The 8 TH reservoir is a "supermature" field which has been in production for more than 65 years. It was waterflooded for more than 50 years resulting in a current water cut of 96 %. The field contains medium viscous oil (in-situ viscosity 19 cP) and hence was considered for polymer injection despite the high water cut which was suggested by some authors to be challenging for polymer injection.
An inverted five spot unconfined polymer injection pilot was performed to reduce the subsurface uncertainties, determine if polymer flooding could lead to incremental oil in "supermature" fields, improve the operating and monitoring capabilities and improve the economic model for full-field implementation.
The results of the pilot show that an increase in 5- 10 % of the recovery factor can be achieved in the pilot area. The reasons for incremental oil production by polymer injection in this "supermature" field are acceleration along high permeable flow paths but more importantly substantial flow diversion in this heterogeneous reservoir. In the pilot area, the highest oil production since 1978 was achieved.
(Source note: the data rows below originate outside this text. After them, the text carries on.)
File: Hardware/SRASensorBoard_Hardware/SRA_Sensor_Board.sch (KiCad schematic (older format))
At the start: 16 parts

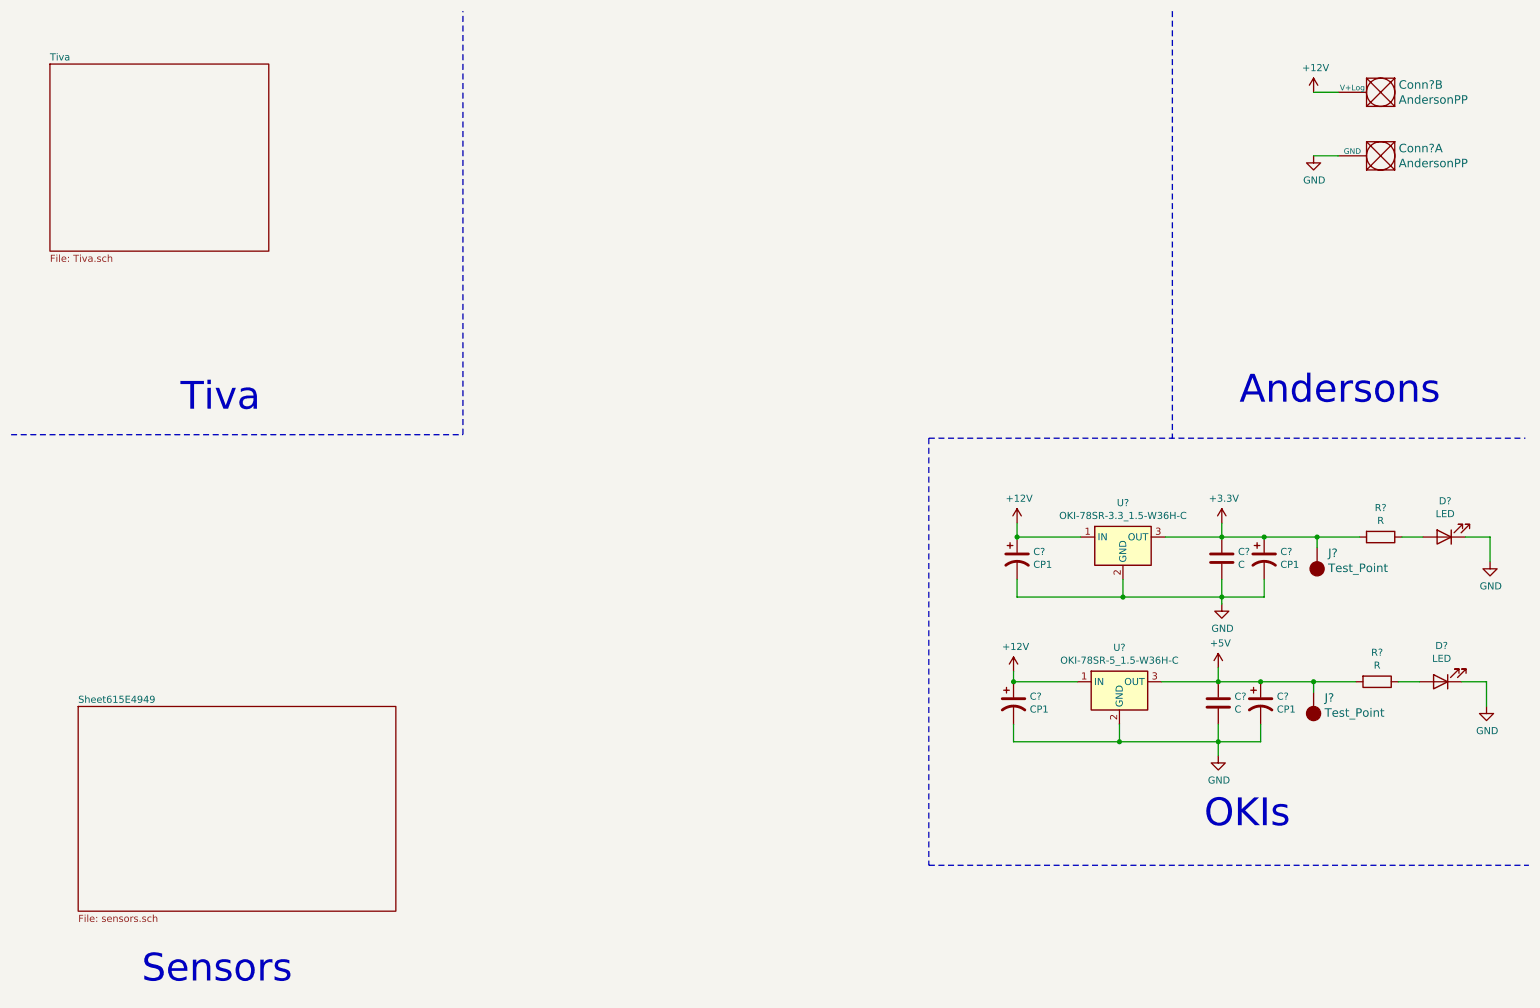
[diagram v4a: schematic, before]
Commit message: Added NH3 sensor and MOSFETS, fixed tiva pins
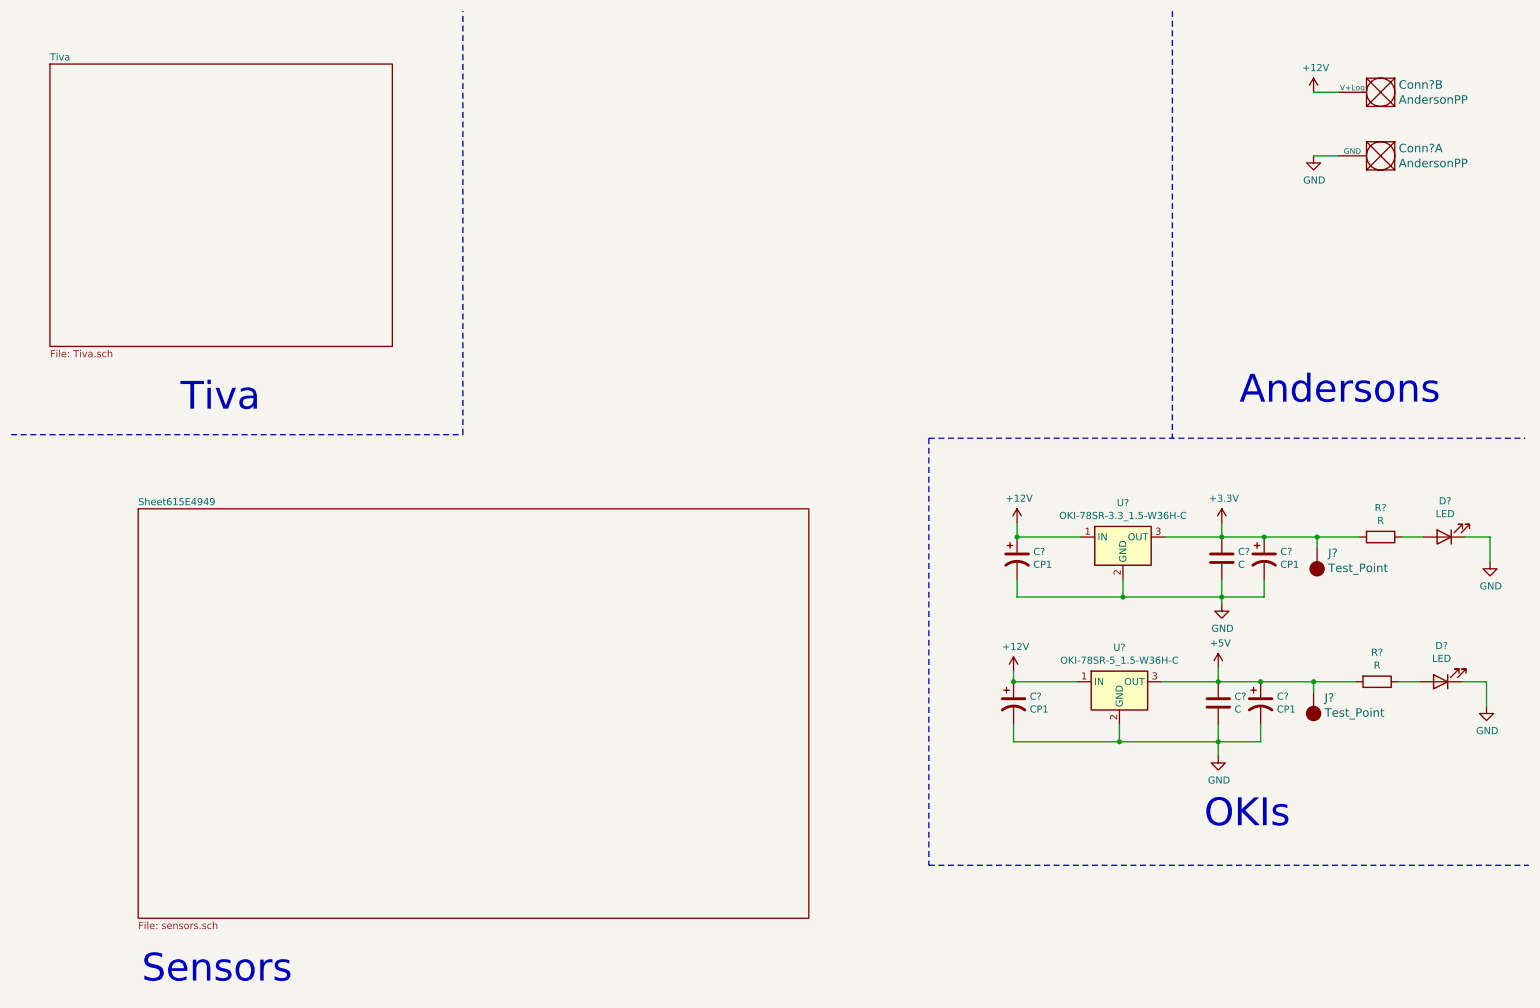
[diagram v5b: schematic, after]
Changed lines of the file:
@@
 $EndComp
 $Sheet
-S 750  850  1550 1325
+S 750  850  2425 2000
 U 614D345C
 F0 "Tiva" 50
@@
 	9875 1050 9700 1050
 $Sheet
-S 950  5400 2250 1450
+S 1375 4000 4750 2900
 U 615E494A
 F0 "Sheet615E4949" 50

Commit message: schematic review meeting
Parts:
- removed C? (x2): CP1, symbol Device:CP1
- removed J? (x2): Test_Point, symbol MRDT_Connectors:Test_Point
- C1, C2: renamed from C?; value CP1 -> 10uf
- C3, C4: renamed from C?; value C -> 10uf
- R1: renamed from R?; value R -> 100
- R2: renamed from R?; value R -> 43
- gave numbers to parts that had none: 5
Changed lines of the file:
@@
 $EndDescr
 $Comp
-L MRDT_Connectors:AndersonPP Conn?
+L MRDT_Connectors:AndersonPP Conn1
 U 2 1 614D19B3
 P 10275 950
-F 0 "Conn?" H 10247 997 60  0000 R CNN
+F 0 "Conn1" H 10247 997 60  0000 R CNN
 F 1 "AndersonPP" H 10247 1103 60  0000 R CNN
 F 2 "" H 10125 400 60  0001 C CNN
@@
 $EndComp
 $Comp
-L MRDT_Connectors:AndersonPP Conn?
+L MRDT_Connectors:AndersonPP Conn1
 U 1 1 614D22E6
 P 10275 1400
-F 0 "Conn?" H 10247 1447 60  0000 R CNN
+F 0 "Conn1" H 10247 1447 60  0000 R CNN
 F 1 "AndersonPP" H 10247 1553 60  0000 R CNN
 F 2 "" H 10125 850 60  0001 C CNN
@@
 	6975 3500 11200 3500
 $Comp
-L Converter_DCDC:OKI-78SR-5_1.5-W36H-C U?
+L Converter_DCDC:OKI-78SR-5_1.5-W36H-C U1
 U 1 1 615099E1
 P 8325 5225
-F 0 "U?" H 8325 5467 50  0000 C CNN
+F 0 "U1" H 8325 5467 50  0000 C CNN
 F 1 "OKI-78SR-5_1.5-W36H-C" H 8325 5376 50  0000 C CNN
 F 2 "Converter_DCDC:Converter_DCDC_muRata_OKI-78SR_Horizontal" H 8375 4975 50  0001 L CIN
@@
 $EndComp
 $Comp
-L Converter_DCDC:OKI-78SR-3.3_1.5-W36H-C U?
+L Converter_DCDC:OKI-78SR-3.3_1.5-W36H-C U2
 U 1 1 61509405
 P 8350 4200
-F 0 "U?" H 8350 4442 50  0000 C CNN
+F 0 "U2" H 8350 4442 50  0000 C CNN
 F 1 "OKI-78SR-3.3_1.5-W36H-C" H 8350 4351 50  0000 C CNN
 F 2 "Converter_DCDC:Converter_DCDC_muRata_OKI-78SR_Horizontal" H 8400 3950 50  0001 L CIN
@@
 $EndComp
 $Comp
-L Device:CP1 C?
+L Device:CP1 C2
 U 1 1 615E1386
 P 7600 4350
-F 0 "C?" H 7715 4396 50  0000 L CNN
-F 1 "CP1" H 7715 4305 50  0000 L CNN
+F 0 "C2" H 7715 4396 50  0000 L CNN
+F 1 "10uf" H 7715 4305 50  0000 L CNN
 F 2 "" H 7600 4350 50  0001 C CNN
 F 3 "~" H 7600 4350 50  0001 C CNN
@@
 $EndComp
 $Comp
-L Device:C C?
+L Device:C C4
 U 1 1 615E2024
 P 9050 4350
-F 0 "C?" H 9165 4396 50  0000 L CNN
-F 1 "C" H 9165 4305 50  0000 L CNN
+F 0 "C4" H 9165 4396 50  0000 L CNN
+F 1 "10uf" H 9165 4305 50  0000 L CNN
 F 2 "" H 9088 4200 50  0001 C CNN
 F 3 "~" H 9050 4350 50  0001 C CNN
@@
 $EndComp
 $Comp
-L Device:CP1 C?
-U 1 1 615E2538
-P 9350 4350
-F 0 "C?" H 9465 4396 50  0000 L CNN
-F 1 "CP1" H 9465 4305 50  0000 L CNN
-F 2 "" H 9350 4350 50  0001 C CNN
-F 3 "~" H 9350 4350 50  0001 C CNN
-	1    9350 4350
-	1    0    0    -1
-$EndComp
-$Comp
-L MRDT_Connectors:Test_Point J?
-U 1 1 615E33B2
-P 9725 4275
-F 0 "J?" H 9647 4314 60  0000 R CNN
-F 1 "Test_Point" H 9647 4420 60  0000 R CNN
-F 2 "" H 9725 4225 60  0001 C CNN
-F 3 "" H 9725 4225 60  0001 C CNN
-	1    9725 4275
-	-1   0    0    1
-$EndComp
-$Comp
-L Device:R R?
+L Device:R R2
 U 1 1 615E4C25
 P 10175 4200
-F 0 "R?" V 9968 4200 50  0000 C CNN
-F 1 "R" V 10059 4200 50  0000 C CNN
+F 0 "R2" V 9968 4200 50  0000 C CNN
+F 1 "43" V 10059 4200 50  0000 C CNN
 F 2 "" V 10105 4200 50  0001 C CNN
 F 3 "~" H 10175 4200 50  0001 C CNN
@@
 $EndComp
 $Comp
-L Device:LED D?
+L Device:LED D2
 U 1 1 615E5345
 P 10625 4200
-F 0 "D?" H 10618 3945 50  0000 C CNN
+F 0 "D2" H 10618 3945 50  0000 C CNN
 F 1 "LED" H 10618 4036 50  0000 C CNN
 F 2 "" H 10625 4200 50  0001 C CNN
@@
 $EndComp
 $Comp
-L power:GND #PWR?
+L power:GND #PWR0101
 U 1 1 615E5F0A
 P 10950 4375
-F 0 "#PWR?" H 10950 4125 50  0001 C CNN
+F 0 "#PWR0101" H 10950 4125 50  0001 C CNN
 F 1 "GND" H 10955 4202 50  0000 C CNN
 F 2 "" H 10950 4375 50  0001 C CNN
@@
 	8350 4625 9050 4625
 Connection ~ 8350 4625
-Wire Wire Line
-	9050 4625 9350 4625
-Wire Wire Line
-	9350 4625 9350 4500
 Connection ~ 9050 4625
-Wire Wire Line
-	9350 4200 9050 4200
 Connection ~ 9050 4200
 Wire Wire Line
-	9350 4200 9725 4200
-Wire Wire Line
-	9725 4200 9725 4275
-Connection ~ 9350 4200
-Connection ~ 9725 4200
-Wire Wire Line
 	10325 4200 10475 4200
 Wire Wire Line
@@
 Wire Wire Line
 	8650 4200 9050 4200
-Wire Wire Line
-	9725 4200 10025 4200
-$Comp
-L Device:CP1 C?
+$Comp
+L Device:CP1 C1
 U 1 1 615EE19D
 P 7575 5375
-F 0 "C?" H 7690 5421 50  0000 L CNN
-F 1 "CP1" H 7690 5330 50  0000 L CNN
+F 0 "C1" H 7690 5421 50  0000 L CNN
+F 1 "10uf" H 7690 5330 50  0000 L CNN
 F 2 "" H 7575 5375 50  0001 C CNN
 F 3 "~" H 7575 5375 50  0001 C CNN
@@
 $EndComp
 $Comp
-L Device:C C?
+L Device:C C3
 U 1 1 615EE1A3
 P 9025 5375
-F 0 "C?" H 9140 5421 50  0000 L CNN
-F 1 "C" H 9140 5330 50  0000 L CNN
+F 0 "C3" H 9140 5421 50  0000 L CNN
+F 1 "10uf" H 9140 5330 50  0000 L CNN
 F 2 "" H 9063 5225 50  0001 C CNN
 F 3 "~" H 9025 5375 50  0001 C CNN
@@
 $EndComp
 $Comp
-L Device:CP1 C?
-U 1 1 615EE1A9
-P 9325 5375
-F 0 "C?" H 9440 5421 50  0000 L CNN
-F 1 "CP1" H 9440 5330 50  0000 L CNN
-F 2 "" H 9325 5375 50  0001 C CNN
-F 3 "~" H 9325 5375 50  0001 C CNN
-	1    9325 5375
-	1    0    0    -1
-$EndComp
-$Comp
-L MRDT_Connectors:Test_Point J?
-U 1 1 615EE1AF
-P 9700 5300
-F 0 "J?" H 9622 5339 60  0000 R CNN
-F 1 "Test_Point" H 9622 5445 60  0000 R CNN
-F 2 "" H 9700 5250 60  0001 C CNN
-F 3 "" H 9700 5250 60  0001 C CNN
-	1    9700 5300
-	-1   0    0    1
-$EndComp
-$Comp
-L Device:R R?
+L Device:R R1
 U 1 1 615EE1B5
 P 10150 5225
-F 0 "R?" V 9943 5225 50  0000 C CNN
-F 1 "R" V 10034 5225 50  0000 C CNN
+F 0 "R1" V 9943 5225 50  0000 C CNN
+F 1 "100" V 10034 5225 50  0000 C CNN
 F 2 "" V 10080 5225 50  0001 C CNN
 F 3 "~" H 10150 5225 50  0001 C CNN
@@
 $EndComp
 $Comp
-L Device:LED D?
+L Device:LED D1
 U 1 1 615EE1BB
 P 10600 5225
-F 0 "D?" H 10593 4970 50  0000 C CNN
+F 0 "D1" H 10593 4970 50  0000 C CNN
 F 1 "LED" H 10593 5061 50  0000 C CNN
 F 2 "" H 10600 5225 50  0001 C CNN
@@
 $EndComp
 $Comp
-L power:GND #PWR?
+L power:GND #PWR0102
 U 1 1 615EE1C1
 P 10925 5400
-F 0 "#PWR?" H 10925 5150 50  0001 C CNN
+F 0 "#PWR0102" H 10925 5150 50  0001 C CNN
 F 1 "GND" H 10930 5227 50  0000 C CNN
 F 2 "" H 10925 5400 50  0001 C CNN
@@
 	8325 5650 9025 5650
 Connection ~ 8325 5650
-Wire Wire Line
-	9025 5650 9325 5650
-Wire Wire Line
-	9325 5650 9325 5525
 Connection ~ 9025 5650
-Wire Wire Line
-	9325 5225 9025 5225
 Connection ~ 9025 5225
 Wire Wire Line
-	9325 5225 9700 5225
-Wire Wire Line
-	9700 5225 9700 5300
-Connection ~ 9325 5225
-Connection ~ 9700 5225
-Wire Wire Line
 	10300 5225 10450 5225
 Wire Wire Line
@@
 Wire Wire Line
 	8625 5225 9025 5225
-Wire Wire Line
-	9700 5225 10000 5225
-$Comp
-L power:+12V #PWR?
+$Comp
+L power:+12V #PWR0103
 U 1 1 615F977E
 P 9700 1050
-F 0 "#PWR?" H 9700 900 50  0001 C CNN
+F 0 "#PWR0103" H 9700 900 50  0001 C CNN
 F 1 "+12V" H 9715 1223 50  0000 C CNN
 F 2 "" H 9700 1050 50  0001 C CNN
@@
 $EndComp
 $Comp
-L power:GND #PWR?
+L power:GND #PWR0104
 U 1 1 615FA471
 P 9700 1500
-F 0 "#PWR?" H 9700 1250 50  0001 C CNN
+F 0 "#PWR0104" H 9700 1250 50  0001 C CNN
 F 1 "GND" H 9705 1327 50  0000 C CNN
 F 2 "" H 9700 1500 50  0001 C CNN
@@
 $EndSheet
 $Comp
-L power:+12V #PWR?
+L power:+12V #PWR0105
 U 1 1 615EE1DD
 P 7600 4100
-F 0 "#PWR?" H 7600 3950 50  0001 C CNN
+F 0 "#PWR0105" H 7600 3950 50  0001 C CNN
 F 1 "+12V" H 7615 4273 50  0000 C CNN
 F 2 "" H 7600 4100 50  0001 C CNN
@@
 $EndComp
 $Comp
-L power:+12V #PWR?
+L power:+12V #PWR0106
 U 1 1 615EEAA7
 P 7575 5150
-F 0 "#PWR?" H 7575 5000 50  0001 C CNN
+F 0 "#PWR0106" H 7575 5000 50  0001 C CNN
 F 1 "+12V" H 7590 5323 50  0000 C CNN
 F 2 "" H 7575 5150 50  0001 C CNN
@@
 Connection ~ 7600 4200
 $Comp
-L power:+5V #PWR?
+L power:+5V #PWR0107
 U 1 1 615F1C53
 P 9025 5125
-F 0 "#PWR?" H 9025 4975 50  0001 C CNN
+F 0 "#PWR0107" H 9025 4975 50  0001 C CNN
 F 1 "+5V" H 9040 5298 50  0000 C CNN
 F 2 "" H 9025 5125 50  0001 C CNN
@@
 	9025 5225 9025 5125
 $Comp
-L power:+3.3V #PWR?
+L power:+3.3V #PWR0108
 U 1 1 615F3DA4
 P 9050 4100
-F 0 "#PWR?" H 9050 3950 50  0001 C CNN
+F 0 "#PWR0108" H 9050 3950 50  0001 C CNN
 F 1 "+3.3V" H 9065 4273 50  0000 C CNN
 F 2 "" H 9050 4100 50  0001 C CNN
@@
 	9050 4200 9050 4100
 $Comp
-L power:GND #PWR?
+L power:GND #PWR0109
 U 1 1 615F5CA8
 P 9025 5750
-F 0 "#PWR?" H 9025 5500 50  0001 C CNN
+F 0 "#PWR0109" H 9025 5500 50  0001 C CNN
 F 1 "GND" H 9030 5577 50  0000 C CNN
 F 2 "" H 9025 5750 50  0001 C CNN
@@
 	9025 5750 9025 5650
 $Comp
-L power:GND #PWR?
+L power:GND #PWR0110
 U 1 1 615F72EB
 P 9050 4675
-F 0 "#PWR?" H 9050 4425 50  0001 C CNN
+F 0 "#PWR0110" H 9050 4425 50  0001 C CNN
 F 1 "GND" H 9055 4502 50  0000 C CNN
 F 2 "" H 9050 4675 50  0001 C CNN
@@
 Wire Wire Line
 	9050 4675 9050 4625
+Wire Wire Line
+	9025 5225 10000 5225
+Wire Wire Line
+	9050 4200 10025 4200
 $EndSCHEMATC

The main uncertainties related to surface handling of the polymer solution prior to injection, injectivity and incremental oil recovery could be reduced by monitoring of various parameters. In particular tracers and molecular weight distribution of polymers were measured to improve the understanding of the polymer solution effects on reservoir performance.
In addition, numerical simulations concerning injectivity and reservoir performance were performed to further improve the understanding of the processes and be able to optimize the operations. The simulations included polymer solution injection induced fractures as well as geological, reservoir fluid/relative permeability and polymer solution property uncertainties and allowed forecasting under uncertainty.
The cost structure of the polymer pilot was used to evaluate full-field economics taking learning curves, upscaling and costs optimisations into account.